Helping Toddlers’ Understand Emotion Key to Development
The simple parenting strategy of helping toddlers understand emotion may reduce behavioral problems later on, finds a federally funded study led by a Michigan State University researcher.
The study, published in the September issue of the Journal of Developmental and Behavioral Pediatrics, could ultimately help those most in need. Toddlers with higher risk, specifically those with more behavioral problems and from the most disadvantaged families, benefited most from being taught about emotion by their mothers.

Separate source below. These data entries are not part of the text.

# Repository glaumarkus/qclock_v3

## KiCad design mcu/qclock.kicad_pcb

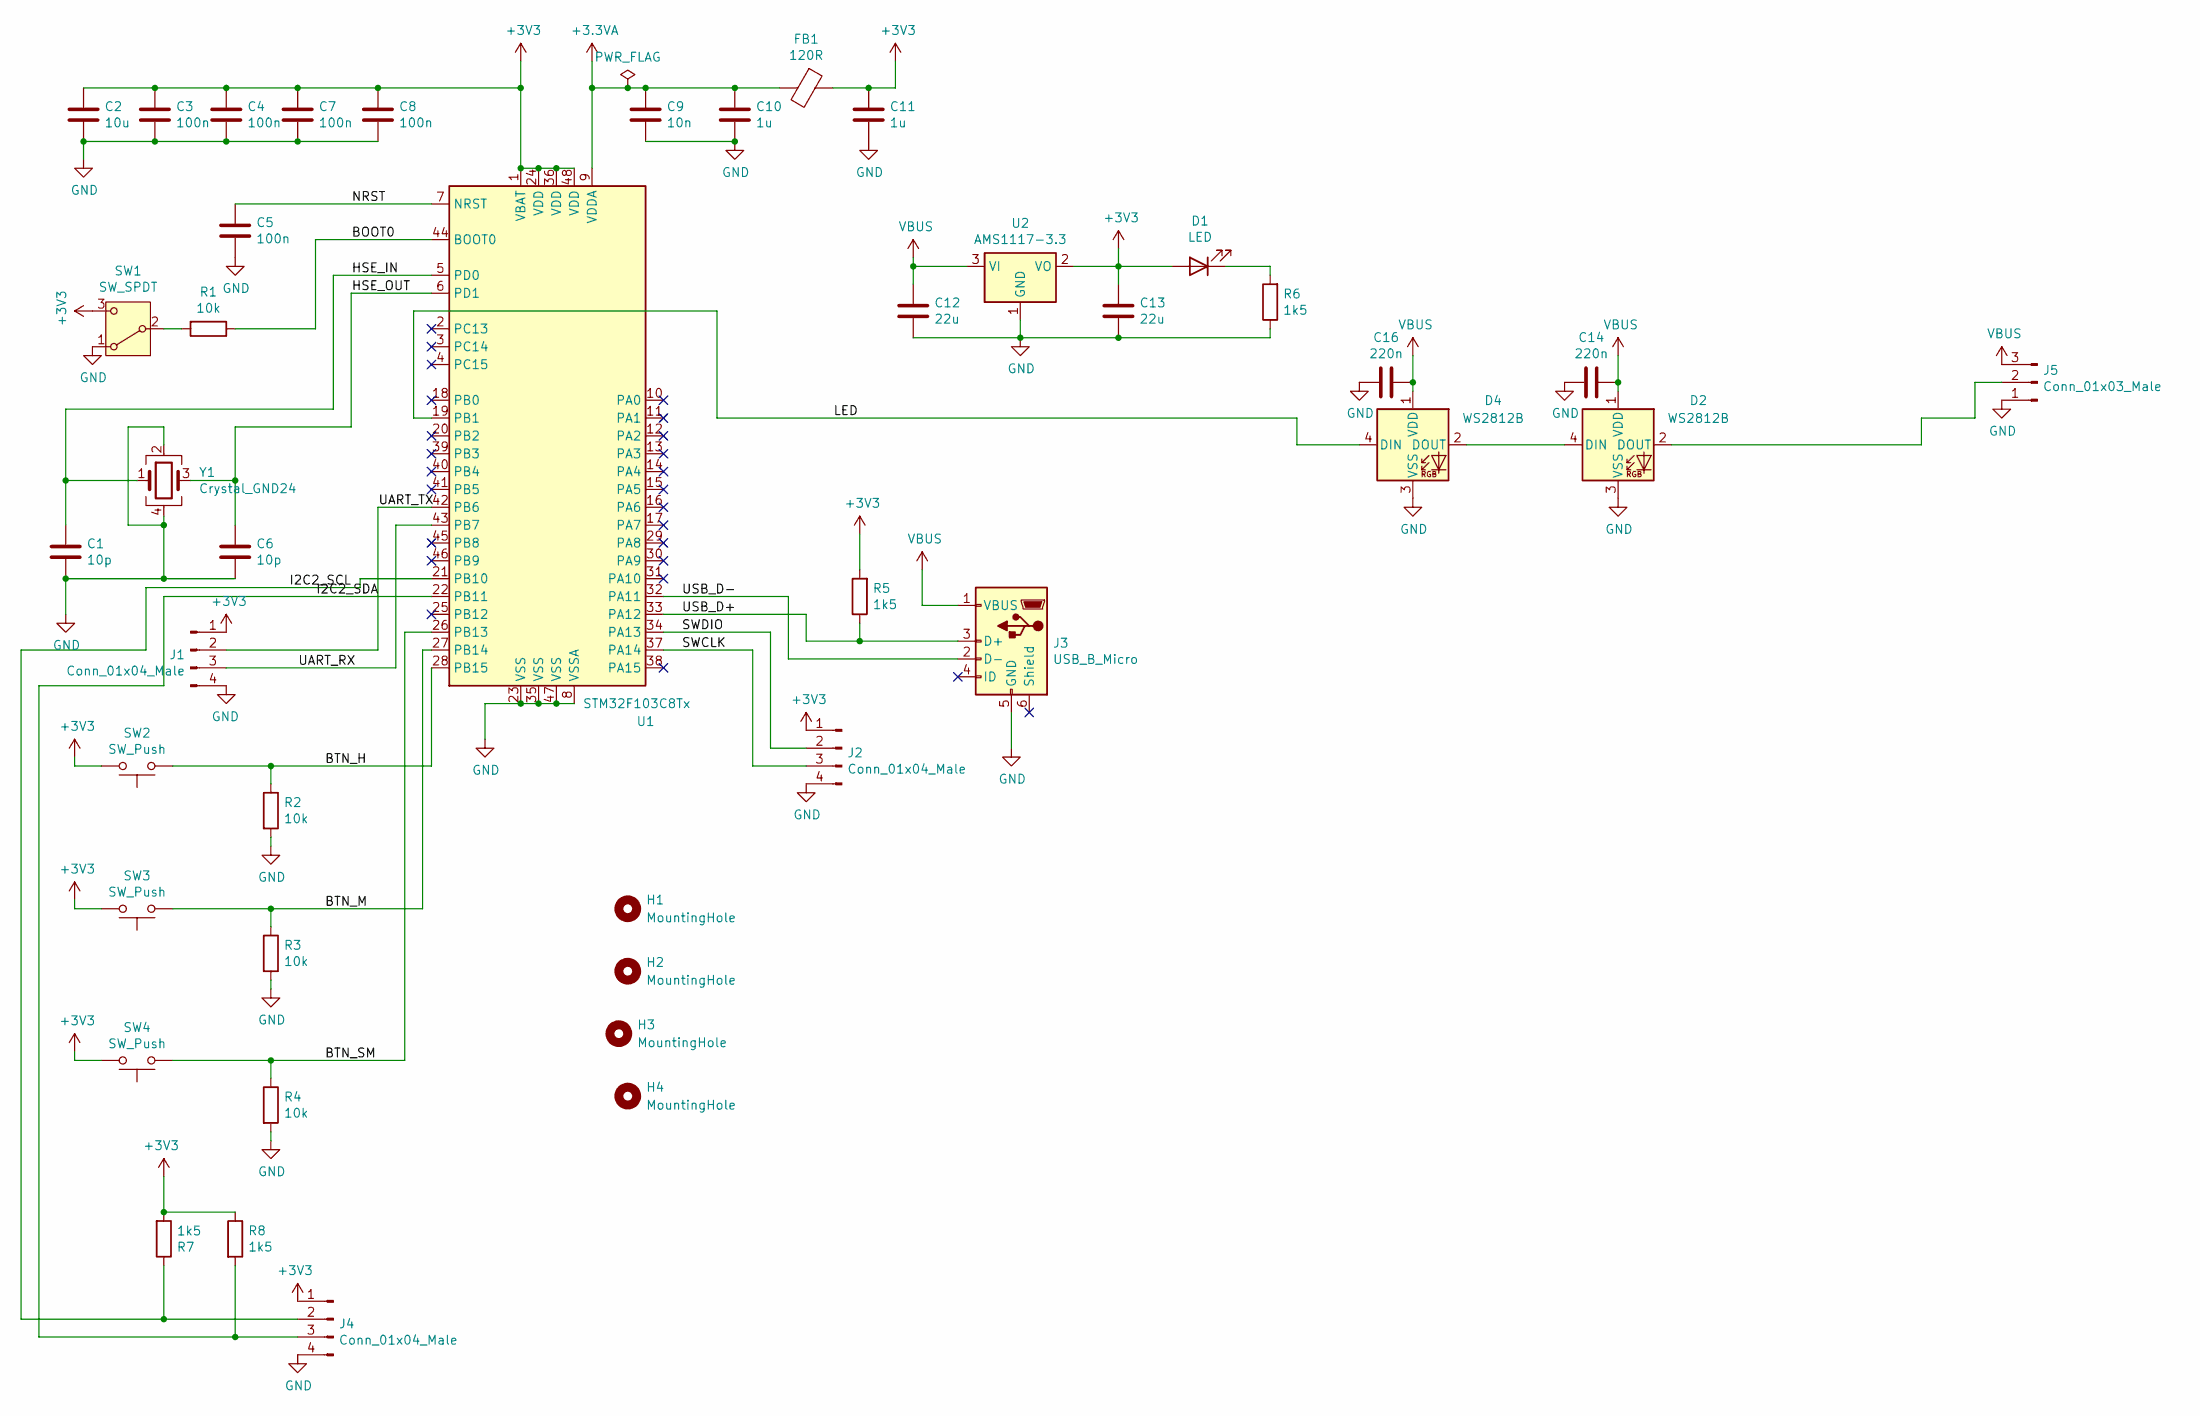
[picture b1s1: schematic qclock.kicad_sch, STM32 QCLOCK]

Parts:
C1, C6: 10p; C_0402_1005Metric
C2: 10u; C_0603_1608Metric
C3, C4, C5, C7, C8: 100n; C_0402_1005Metric
C9: 10n; C_0402_1005Metric
C10, C11: 1u; C_0402_1005Metric
C12, C13: 22u; C_0805_2012Metric
C14, C16: 220n; C_0402_1005Metric
D1: LED; LED_0603_1608Metric; JLCPCB Part #（optional） C2290
D2, D4: WS2812B; LED_WS2812B_PLCC4_5.0x5.0mm_P3.2mm; JLCPCB Part #（optional） C2846931
FB1: 120R; L_0402_1005Metric; JLCPCB Part #（optional） C3015760
H1, H2, H3, H4: MountingHole; MountingHole_2.2mm_M2
J1, J2, J4: Conn_01x04_Male; PinHeader_1x04_P2.54mm_Vertical
J3: USB_B_Micro; CUS-12TB_NDC; JLCPCB Part #（optional） C40943
J5: Conn_01x03_Male; PinHeader_1x03_P2.54mm_Vertical
R1, R2, R3, R4: 10k; R_0402_1005Metric; JLCPCB Part #（optional） C25744
R5, R6, R7, R8: 1k5; R_0402_1005Metric
SW1: SW_SPDT; CUS-12TB_NDC; JLCPCB Part #（optional） C2921739
SW2, SW3, SW4: SW_Push; mybtn_smd; JLCPCB Part #（optional） C455109
U1: STM32F103C8Tx; LQFP-48_7x7mm_P0.5mm
U2: AMS1117-3.3; SOT-223-3_TabPin2
Y1: Crystal_GND24; Crystal_SMD_3225-4Pin_3.2x2.5mm; JLCPCB Part #（optional） C963553

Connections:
+3.3VA: C9.1, C10.1, FB1.2, U1.9 (VDDA)
+3V3: C2.1, C3.1, C4.1, C7.1, C8.1, C11.1, C13.1, D1.2 (A), FB1.1, J1.1, J2.1, J4.1, R5.2, R7.2, R8.1, SW1.3 (C), SW2.2, SW3.2, SW4.2, U1.1 (VBAT), U1.24 (VDD), U1.36 (VDD), U1.48 (VDD), U2.2 (VO)
/BOOT0: R1.1, U1.44 (BOOT0)
/BTN_H: R2.1, SW2.1, U1.28 (PB15)
/BTN_M: R3.1, SW3.1, U1.27 (PB14)
/BTN_SM: R4.1, SW4.1, U1.26 (PB13)
/HSE_IN: C1.1, U1.5 (PD0), Y1.1
/HSE_OUT: C6.1, U1.6 (PD1), Y1.3
/I2C2_SCL: J4.2, R7.1, U1.21 (PB10)
/I2C2_SDA: J4.3, R8.2, U1.22 (PB11)
/LED: D4.4 (DIN), U1.19 (PB1)
/NRST: C5.1, U1.7 (NRST)
/SWCLK: J2.3, U1.37 (PA14)
/SWDIO: J2.2, U1.34 (PA13)
/UART_RX: J1.3, U1.43 (PB7)
/UART_TX: J1.2, U1.42 (PB6)
/USB_D+: J3.3 (D+), R5.1, U1.33 (PA12)
/USB_D-: J3.2 (D-), U1.32 (PA11)
GND: C1.2, C2.2, C3.2, C4.2, C5.2, C6.2, C7.2, C8.2, C9.2, C10.2, C11.2, C12.2, C13.2, C14.2, C16.2, D2.3 (VSS), D4.3 (VSS), J1.4, J2.4, J3.5 (GND), J4.4, J5.1, R2.2, R3.2, R4.2, R6.1, SW1.1 (A), U1.8 (VSSA), U1.23 (VSS), U1.35 (VSS), U1.47 (VSS), U2.1 (GND), Y1.2, Y1.4
unnamed: D1.1 (K), R6.2
unnamed: D2.4 (DIN), D4.2 (DOUT)
unnamed: D2.2 (DOUT), J5.2
unnamed: R1.2, SW1.2 (B)
VBUS: C12.1, C14.1, C16.1, D2.1 (VDD), D4.1 (VDD), J3.1 (VBUS), J5.3, U2.3 (VI)

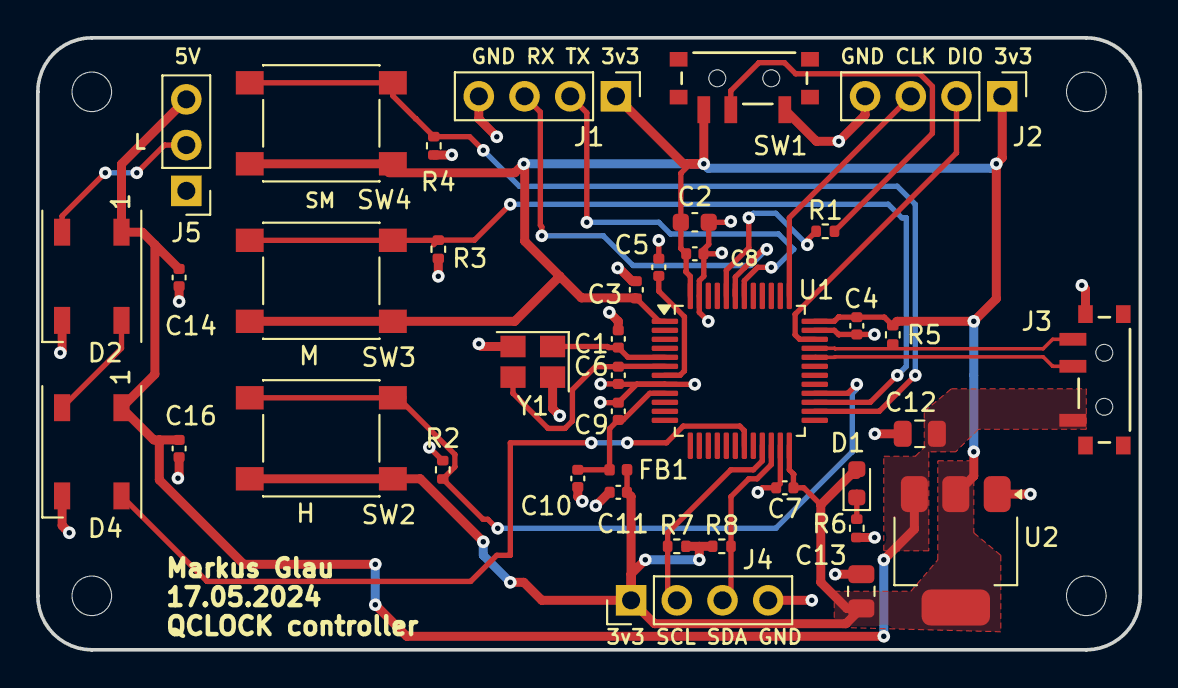
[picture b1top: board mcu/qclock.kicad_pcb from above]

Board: 2 copper layers, 61.2 x 34.0 mm, 43 parts (0 on the bottom side), 24 nets.

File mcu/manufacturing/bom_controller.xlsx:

Comment | Designator | Footprint | JLCPCB Part #（optional）
Crystal_GND24 | Y1 | Crystal:Crystal_SMD_3225-4Pin_3.2x2.5mm | C963553
AMS1117-3.3 | U2 | Package_TO_SOT_SMD:SOT-223-3_TabPin2
STM32F103C8Tx | U1 | Package_QFP:LQFP-48_7x7mm_P0.5mm
SW_Push | SW2,SW3,SW4 | btns:mybtn_smd | C455109
SW_SPDT | SW1 | footprints:CUS-12TB_NDC | C2921739
1k5 | R5,R6,R7,R8 | Resistor_SMD:R_0402_1005Metric
10k | R1,R2,R3,R4 | Resistor_SMD:R_0402_1005Metric | C25744
Conn_01x03_Male | J5 | Connector_PinHeader_2.54mm:PinHeader_1x03_P2.54mm_Vertical
USB_B_Micro | J3 | Connector_USB:USB_Micro-B_Wuerth_629105150521 | C879727
Conn_01x04_Male | J1,J2,J4 | Connector_PinHeader_2.54mm:PinHeader_1x04_P2.54mm_Vertical
120R | FB1 | Inductor_SMD:L_0402_1005Metric | C3015760
WS2812B | D2,D4 | LED_SMD:LED_WS2812B_PLCC4_5.0x5.0mm_P3.2mm | C2846931
LED | D1 | LED_SMD:LED_0603_1608Metric | C2290
220n | C14,C16 | Capacitor_SMD:C_0402_1005Metric
22u | C12,C13 | Capacitor_SMD:C_0805_2012Metric
1u | C10,C11 | Capacitor_SMD:C_0402_1005Metric
10n | C9 | Capacitor_SMD:C_0402_1005Metric
100n | C3,C4,C5,C7,C8 | Capacitor_SMD:C_0402_1005Metric
10u | C2 | Capacitor_SMD:C_0603_1608Metric
10p | C1,C6 | Capacitor_SMD:C_0402_1005Metric

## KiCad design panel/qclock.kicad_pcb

“Our findings offer promise for a practical, cost-effective parenting strategy to support at-risk toddlers’ social and emotional development and reduce behavioral problems,” said Holly Brophy-Herb, MSU professor of child development and lead investigator on the study.
The research, part of a larger study funded by a grant from the U.S. Department of Health and Human Services, involved 89 toddlers (ages 18 months to about 2 years) from low-income families enrolled in Early Head Start programs. Mothers were asked to look at a wordless picture book with their toddlers. The book included many emotional undertones as illustrations depicted a girl who lost and found a pet.
Brophy-Herb and her fellow researchers focused on mothers’ “emotion bridging” with the child. That involves mothers not only labeling the emotion (e.g., sad) but also putting it into context (e.g., She’s sad because she lost her bird) and tying it back to the child’s life (e.g., Remember when you lost your bear and you were sad?).
During a follow-up visit with the families, about seven months later, the researchers found fewer behavioral problems in the higher-risk children. Brophy-Herb said this might be because emotion bridging acts as a tool through which toddlers can begin to learn about their emotions and gradually learn simple words to express emotions, needs and wishes, instead of acting out physically.
Helping young children understand emotion should be an ongoing, long-term strategy, Brophy-Herb said. Parents can talk to their children about emotion just about anytime – on a short car trip home, for example, or even standing in line at the grocery store. “Over time, these mini-conversations translate into a rich body of experiences for the child.”
Emotion bridging could be especially beneficial for families struggling with multiple stressors including economically disadvantaged families. Very young children in poor families are at greater risk for hearing fewer overall and words within a more limited range compared to children in middle- and upper-income families. As the MSU-led study indicates, mothers who were disadvantaged were engaging in high-quality language experiences with their toddlers.
At minimum, the study says, information on emotion bridging could be made available in pediatric primary care settings as part of bigger efforts to increase and diversify language between parents and young children.
Brophy-Herb’s co-authors include Claire Vallotton from MSU, Erika London Bocknek from Wayne State University, Kathy Stansbury from Northcentral University and MSU doctoral students Neda Senehi, Danielle Merckling and Young-Eun Lee.